====== Listed entries
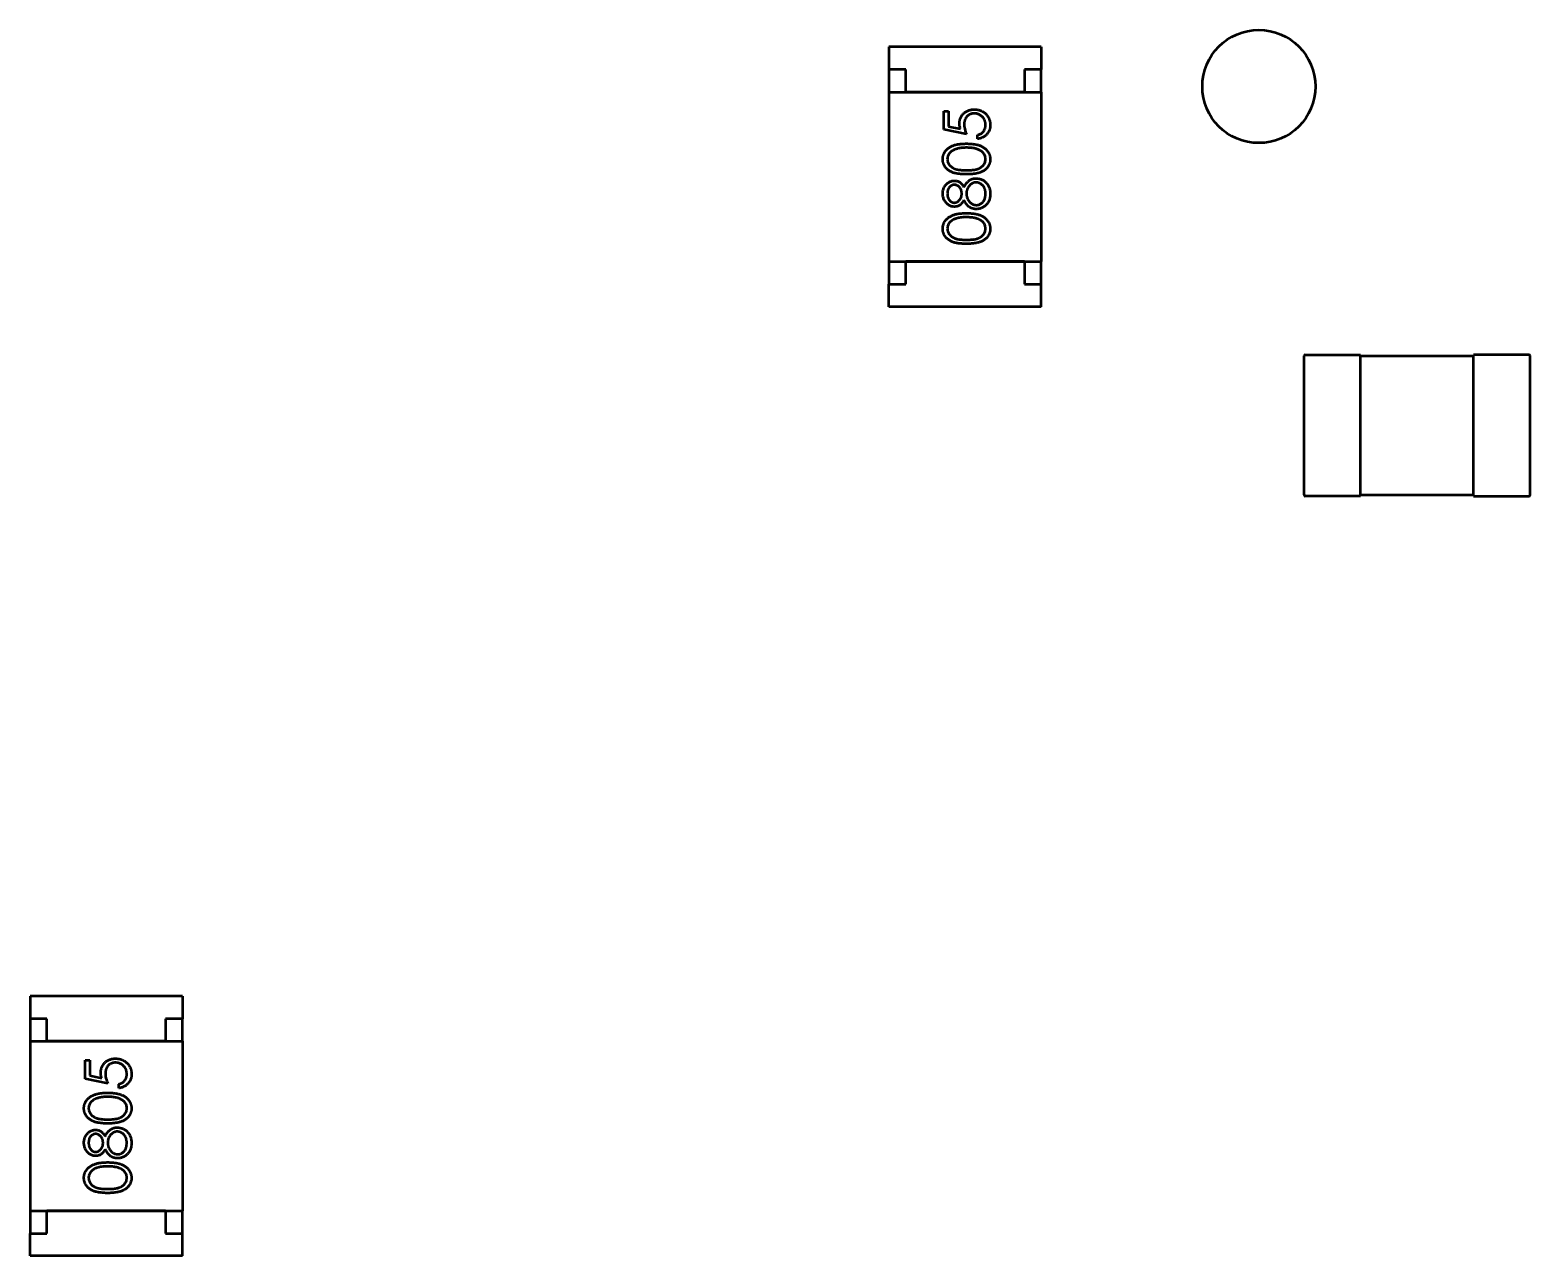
# Model space of a CAD drawing. Header units: millimetres. Extents: x -309 to 752, y -52 to 188.
# Drawn here: x 65.96 to 79.24, y 119.53 to 130.38 of the extents above; entities that cross this region are included whole.
import ezdxf

# ---------------------------------------------------------------- set-up
doc = ezdxf.new("R2010")
doc.units = ezdxf.units.MM
doc.header["$LTSCALE"] = 0.5
doc.layers.add('Видимый контур (ГОСТ)', color=7, linetype='Continuous', lineweight=50)

msp = doc.modelspace()

# ---------------------------------------------------------------- linework, layer by layer
at = {"layer": 'Видимый контур (ГОСТ)'}
for p, q in [((74.911, 130.226), (73.561, 130.226)), ((73.561, 130.226), (73.561, 130.026)), ((74.911, 130.226), (74.911, 130.026)), ((73.561, 130.026), (73.561, 129.826)), ((73.711, 130.026), (73.561, 130.026)), ((73.711, 129.826), (73.711, 130.026)), ((74.761, 130.026), (74.761, 129.826)), ((74.911, 130.026), (74.761, 130.026)), ((74.911, 129.826), (74.911, 130.026)), ((73.561, 129.826), (74.911, 129.826)), ((73.561, 129.826), (73.561, 128.326)), ((74.761, 129.826), (73.711, 129.826)), ((74.911, 129.826), (74.911, 128.326)), ((74.049, 129.494), (74.049, 129.658)), ((74.049, 129.658), (74.09, 129.658)), ((74.09, 129.658), (74.09, 129.522)), ((74.249, 129.453), (74.049, 129.494)), ((74.09, 129.522), (74.195, 129.5)), ((74.346, 129.412), (74.346, 129.447)), ((73.561, 128.326), (73.561, 128.126)), ((73.561, 128.326), (74.911, 128.326)), ((74.761, 128.326), (73.711, 128.326)), ((73.711, 128.126), (73.711, 128.326)), ((74.761, 128.326), (74.761, 128.126)), ((74.911, 128.126), (74.911, 128.326)), ((73.561, 127.926), (73.561, 128.126)), ((73.561, 128.126), (73.711, 128.126)), ((74.761, 128.126), (74.911, 128.126)), ((74.911, 127.926), (74.911, 128.126)), ((74.911, 127.926), (73.561, 127.926)), ((77.236, 126.261), (77.236, 127.491)), ((77.246, 127.501), (77.736, 127.501)), ((77.736, 127.491), (77.736, 127.501)), ((77.736, 126.261), (77.736, 127.491)), ((77.736, 127.491), (78.736, 127.491)), ((78.736, 127.491), (78.736, 127.501)), ((79.226, 127.501), (78.736, 127.501)), ((78.736, 126.261), (78.736, 127.491)), ((79.236, 126.261), (79.236, 127.491)), ((77.736, 126.251), (77.246, 126.251)), ((77.736, 126.251), (77.736, 126.261)), ((77.736, 126.261), (78.736, 126.261)), ((78.736, 126.251), (78.736, 126.261)), ((78.736, 126.251), (79.226, 126.251)), ((67.311, 121.826), (65.961, 121.826)), ((65.961, 121.826), (65.961, 121.626)), ((67.311, 121.826), (67.311, 121.626)), ((65.961, 121.626), (65.961, 121.426)), ((66.111, 121.626), (65.961, 121.626)), ((66.111, 121.426), (66.111, 121.626)), ((67.161, 121.626), (67.161, 121.426)), ((67.311, 121.626), (67.161, 121.626)), ((67.311, 121.426), (67.311, 121.626)), ((65.961, 121.426), (67.311, 121.426)), ((65.961, 121.426), (65.961, 119.926)), ((67.161, 121.426), (66.111, 121.426)), ((67.311, 121.426), (67.311, 119.926)), ((66.449, 121.094), (66.449, 121.258)), ((66.449, 121.258), (66.49, 121.258)), ((66.49, 121.258), (66.49, 121.122)), ((66.649, 121.053), (66.449, 121.094)), ((66.49, 121.122), (66.595, 121.1)), ((66.746, 121.012), (66.746, 121.047)), ((65.961, 119.926), (65.961, 119.726)), ((65.961, 119.926), (67.311, 119.926)), ((67.161, 119.926), (66.111, 119.926)), ((66.111, 119.726), (66.111, 119.926)), ((67.161, 119.926), (67.161, 119.726)), ((67.311, 119.726), (67.311, 119.926)), ((65.961, 119.526), (65.961, 119.726)), ((65.961, 119.726), (66.111, 119.726)), ((67.161, 119.726), (67.311, 119.726)), ((67.311, 119.526), (67.311, 119.726)), ((67.311, 119.526), (65.961, 119.526))]:
    msp.add_line(p, q, dxfattribs=at)
msp.add_circle((76.836, 129.876), 0.5, dxfattribs=at)
for centre, start, end in [((77.246, 127.491), 90, 180), ((79.226, 127.491), 0, 90), ((77.246, 126.261), 180, 270), ((79.226, 126.261), 270, 0)]:
    msp.add_arc(centre, 0.01, start, end, dxfattribs=at)
for points, knots in [([(74.187, 129.547), (74.187, 129.552), (74.187, 129.56), (74.189, 129.573), (74.192, 129.586), (74.196, 129.597), (74.201, 129.608), (74.208, 129.619), (74.215, 129.629), (74.224, 129.638), (74.233, 129.646), (74.243, 129.653), (74.254, 129.659), (74.266, 129.664), (74.278, 129.668), (74.291, 129.671), (74.304, 129.673), (74.313, 129.673), (74.318, 129.673)], [0, 0, 0, 0, 0.065808, 0.129394, 0.190894, 0.251281, 0.310815, 0.370371, 0.430768, 0.492881, 0.555104, 0.616067, 0.677256, 0.73826, 0.800762, 0.864778, 0.931045, 1, 1, 1, 1]), ([(74.316, 129.637), (74.313, 129.637), (74.307, 129.637), (74.298, 129.636), (74.289, 129.634), (74.281, 129.631), (74.273, 129.627), (74.266, 129.623), (74.259, 129.617), (74.252, 129.611), (74.247, 129.604), (74.242, 129.597), (74.238, 129.589), (74.234, 129.58), (74.231, 129.571), (74.229, 129.561), (74.228, 129.551), (74.228, 129.544), (74.228, 129.541)], [0, 0, 0, 0, 0.065351, 0.127916, 0.18836, 0.247216, 0.30563, 0.36377, 0.422661, 0.482687, 0.5433, 0.604118, 0.664965, 0.727413, 0.791468, 0.858055, 0.927037, 1, 1, 1, 1]), ([(74.418, 129.536), (74.418, 129.539), (74.418, 129.546), (74.416, 129.556), (74.414, 129.565), (74.411, 129.574), (74.407, 129.583), (74.402, 129.592), (74.396, 129.6), (74.389, 129.607), (74.382, 129.614), (74.374, 129.62), (74.365, 129.626), (74.356, 129.63), (74.347, 129.633), (74.337, 129.636), (74.327, 129.637), (74.32, 129.637), (74.316, 129.637)], [0, 0, 0, 0, 0.064207, 0.126425, 0.18768, 0.248216, 0.308305, 0.369661, 0.431699, 0.495947, 0.559758, 0.622295, 0.683911, 0.745092, 0.80674, 0.869087, 0.93329, 1, 1, 1, 1]), ([(74.318, 129.673), (74.321, 129.673), (74.328, 129.673), (74.337, 129.672), (74.347, 129.671), (74.356, 129.669), (74.365, 129.666), (74.374, 129.663), (74.382, 129.659), (74.391, 129.655), (74.399, 129.65), (74.406, 129.645), (74.413, 129.639), (74.42, 129.633), (74.426, 129.627), (74.431, 129.62), (74.437, 129.613), (74.441, 129.605), (74.446, 129.598), (74.449, 129.589), (74.452, 129.581), (74.455, 129.572), (74.456, 129.563), (74.458, 129.553), (74.459, 129.544), (74.459, 129.537), (74.459, 129.534)], [0, 0, 0, 0, 0.044014, 0.087434, 0.130118, 0.172554, 0.214555, 0.256298, 0.298438, 0.340849, 0.382715, 0.423924, 0.464246, 0.504074, 0.543862, 0.583567, 0.623094, 0.663229, 0.703551, 0.743938, 0.784541, 0.82575, 0.867757, 0.910745, 0.954914, 1, 1, 1, 1]), ([(74.195, 129.5), (74.194, 129.504), (74.191, 129.513), (74.189, 129.525), (74.187, 129.536), (74.187, 129.544), (74.187, 129.547)], [0, 0, 0, 0, 0.275068, 0.532901, 0.773973, 1, 1, 1, 1]), ([(74.228, 129.541), (74.228, 129.534), (74.228, 129.521), (74.238, 129.48), (74.245, 129.462), (74.249, 129.453)], [0, 0, 0, 0, 0.001976248, 0.001976248, 0.003940074, 0.003940074, 0.003940074, 0.003940074]), ([(74.346, 129.447), (74.35, 129.448), (74.357, 129.45), (74.367, 129.454), (74.377, 129.458), (74.385, 129.464), (74.392, 129.47), (74.398, 129.478), (74.404, 129.486), (74.409, 129.495), (74.413, 129.505), (74.416, 129.515), (74.418, 129.525), (74.418, 129.532), (74.418, 129.536)], [0, 0, 0, 0, 0.094687, 0.181994, 0.264377, 0.34218, 0.418618, 0.496509, 0.577369, 0.661511, 0.746733, 0.831258, 0.915206, 1, 1, 1, 1]), ([(74.459, 129.534), (74.459, 129.53), (74.459, 129.522), (74.457, 129.51), (74.455, 129.499), (74.451, 129.489), (74.447, 129.479), (74.441, 129.469), (74.435, 129.46), (74.428, 129.451), (74.419, 129.443), (74.411, 129.436), (74.401, 129.43), (74.391, 129.425), (74.381, 129.42), (74.37, 129.416), (74.358, 129.413), (74.35, 129.412), (74.346, 129.412)], [0, 0, 0, 0, 0.065421, 0.128708, 0.190236, 0.250724, 0.310637, 0.370766, 0.431615, 0.493523, 0.555883, 0.617342, 0.678668, 0.740711, 0.802985, 0.866803, 0.932347, 1, 1, 1, 1]), ([(74.038, 129.232), (74.038, 129.236), (74.038, 129.242), (74.04, 129.251), (74.041, 129.26), (74.044, 129.269), (74.047, 129.278), (74.051, 129.286), (74.055, 129.295), (74.061, 129.303), (74.067, 129.31), (74.073, 129.318), (74.081, 129.324), (74.089, 129.331), (74.098, 129.337), (74.107, 129.343), (74.117, 129.348), (74.128, 129.352), (74.14, 129.357), (74.153, 129.36), (74.166, 129.364), (74.181, 129.366), (74.197, 129.368), (74.213, 129.37), (74.231, 129.37), (74.243, 129.37), (74.249, 129.371)], [0, 0, 0, 0, 0.033788, 0.067194, 0.099862, 0.132567, 0.165151, 0.197913, 0.231319, 0.265083, 0.299255, 0.334399, 0.369943, 0.406284, 0.444064, 0.482998, 0.523354, 0.565537, 0.609613, 0.656391, 0.705885, 0.758325, 0.813832, 0.872795, 0.934722, 1, 1, 1, 1]), ([(74.249, 129.335), (74.244, 129.335), (74.234, 129.334), (74.221, 129.334), (74.208, 129.333), (74.195, 129.331), (74.183, 129.329), (74.172, 129.327), (74.162, 129.324), (74.152, 129.321), (74.143, 129.318), (74.134, 129.314), (74.127, 129.31), (74.119, 129.305), (74.113, 129.3), (74.107, 129.295), (74.101, 129.29), (74.095, 129.282), (74.089, 129.272), (74.083, 129.26), (74.08, 129.247), (74.08, 129.238), (74.079, 129.234)], [0, 0, 0, 0, 0.065681, 0.128486, 0.188175, 0.245106, 0.299448, 0.350823, 0.399942, 0.446672, 0.491255, 0.533376, 0.573853, 0.612526, 0.649597, 0.685532, 0.720106, 0.753838, 0.818925, 0.880493, 0.940311, 1, 1, 1, 1]), ([(74.249, 129.371), (74.255, 129.37), (74.267, 129.37), (74.284, 129.37), (74.301, 129.368), (74.316, 129.366), (74.331, 129.364), (74.344, 129.36), (74.357, 129.357), (74.369, 129.353), (74.379, 129.348), (74.39, 129.343), (74.399, 129.337), (74.408, 129.331), (74.416, 129.325), (74.423, 129.318), (74.43, 129.311), (74.436, 129.303), (74.442, 129.295), (74.446, 129.287), (74.45, 129.278), (74.453, 129.269), (74.456, 129.261), (74.457, 129.251), (74.459, 129.242), (74.459, 129.236), (74.459, 129.232)], [0, 0, 0, 0, 0.065063, 0.126773, 0.185516, 0.240765, 0.29298, 0.34225, 0.388919, 0.432776, 0.474628, 0.514775, 0.553606, 0.591426, 0.628028, 0.663804, 0.698984, 0.733591, 0.767628, 0.801208, 0.834264, 0.866981, 0.89972, 0.932702, 0.966176, 1, 1, 1, 1]), ([(74.349, 129.319), (74.346, 129.321), (74.338, 129.323), (74.327, 129.326), (74.315, 129.329), (74.303, 129.331), (74.29, 129.333), (74.277, 129.334), (74.263, 129.334), (74.253, 129.335), (74.249, 129.335)], [0, 0, 0, 0, 0.110588, 0.224542, 0.342503, 0.464324, 0.590756, 0.722227, 0.858843, 1, 1, 1, 1]), ([(74.418, 129.234), (74.418, 129.238), (74.417, 129.247), (74.414, 129.26), (74.408, 129.272), (74.402, 129.282), (74.396, 129.29), (74.391, 129.295), (74.385, 129.3), (74.379, 129.305), (74.372, 129.309), (74.365, 129.313), (74.357, 129.316), (74.352, 129.318), (74.349, 129.319)], [0, 0, 0, 0, 0.112813, 0.225394, 0.339595, 0.459675, 0.521735, 0.583926, 0.648174, 0.713881, 0.781004, 0.851451, 0.924051, 1, 1, 1, 1]), ([(74.249, 129.099), (74.242, 129.099), (74.23, 129.099), (74.212, 129.1), (74.195, 129.101), (74.179, 129.103), (74.164, 129.105), (74.15, 129.108), (74.138, 129.111), (74.126, 129.115), (74.116, 129.12), (74.106, 129.125), (74.097, 129.13), (74.088, 129.136), (74.08, 129.142), (74.073, 129.149), (74.067, 129.156), (74.061, 129.163), (74.055, 129.171), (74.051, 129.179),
============
Prompt: For the records above, tally the lines in which "ezdxf" appears, and give the number by itself.

Written solution: 3